Il denaro, prelevato per contanti veniva spesso utilizzato, anche per elevati importi, per effettuare scommesse da un complice presso una società che gestisce scommesse, sita in Bussolengo e riconducibile ad un terzo soggetto il quale, consapevole dell’identità dell’effettivo giocatore, non adempiva alle prescrizioni dettate dalla normativa antiriciclaggio. Quest’ultimo, infatti, aveva di fatto aperto una linea di credito a favore del cliente, accettando scommesse senza il contestuale pagamento del corrispettivo e omettendo di richiedere, in presenza di puntate superiori a 1.000 euro, limite legale per la circolazione del contante, ulteriori dati e di effettuare verifiche in ordine alla provenienza della provvista.

Le indagini sono state condotte congiuntamente alla Squadra Mobile della Questura di Verona, che ha ricevuto le denunce e ha svolto attività investigative finalizzate alla identificazione dei complici e di altri soggetti coinvolti, mentre la Guardia di Finanza, nell’ambito della specifica competenza in materia economico – finanziaria, ha eseguito approfonditi accertamenti patrimoniali e finanziari per ricostruire i flussi di denaro sottratto ai clienti.

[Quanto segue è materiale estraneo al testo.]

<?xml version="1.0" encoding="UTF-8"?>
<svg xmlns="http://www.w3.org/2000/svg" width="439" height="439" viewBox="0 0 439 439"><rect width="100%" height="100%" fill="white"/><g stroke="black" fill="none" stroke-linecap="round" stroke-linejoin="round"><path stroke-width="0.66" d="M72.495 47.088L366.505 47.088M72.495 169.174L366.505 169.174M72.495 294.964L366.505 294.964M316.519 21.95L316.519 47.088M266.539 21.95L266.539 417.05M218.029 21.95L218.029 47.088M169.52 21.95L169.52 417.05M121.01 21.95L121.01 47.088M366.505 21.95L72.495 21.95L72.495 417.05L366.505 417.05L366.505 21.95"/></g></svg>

Proprio tali attività hanno permesso di accertare come i soldi distratti siano stati utilizzati anche per spese di carattere personale o voluttuario (viaggi, abbigliamento, ecc.) ma, principalmente, per il gioco d’azzardo.

I soggetti indicati sono stati ritenuti responsabili di riciclaggio e reimpiego proprio per essersi prestati a “piazzare” le scommesse ricevendo denaro di provenienza illecita e incassando gli assegni tratti dai conti correnti dei clienti. All’esito dell’attività, il Giudice per le indagini preliminari ha disposto il sequestro di denaro ovvero (nella forma per equivalente) di altri beni mobili, immobili e/o crediti nella disponibilità degli indagati, fino a concorrenza dell’importo riciclato nella società di scommesse.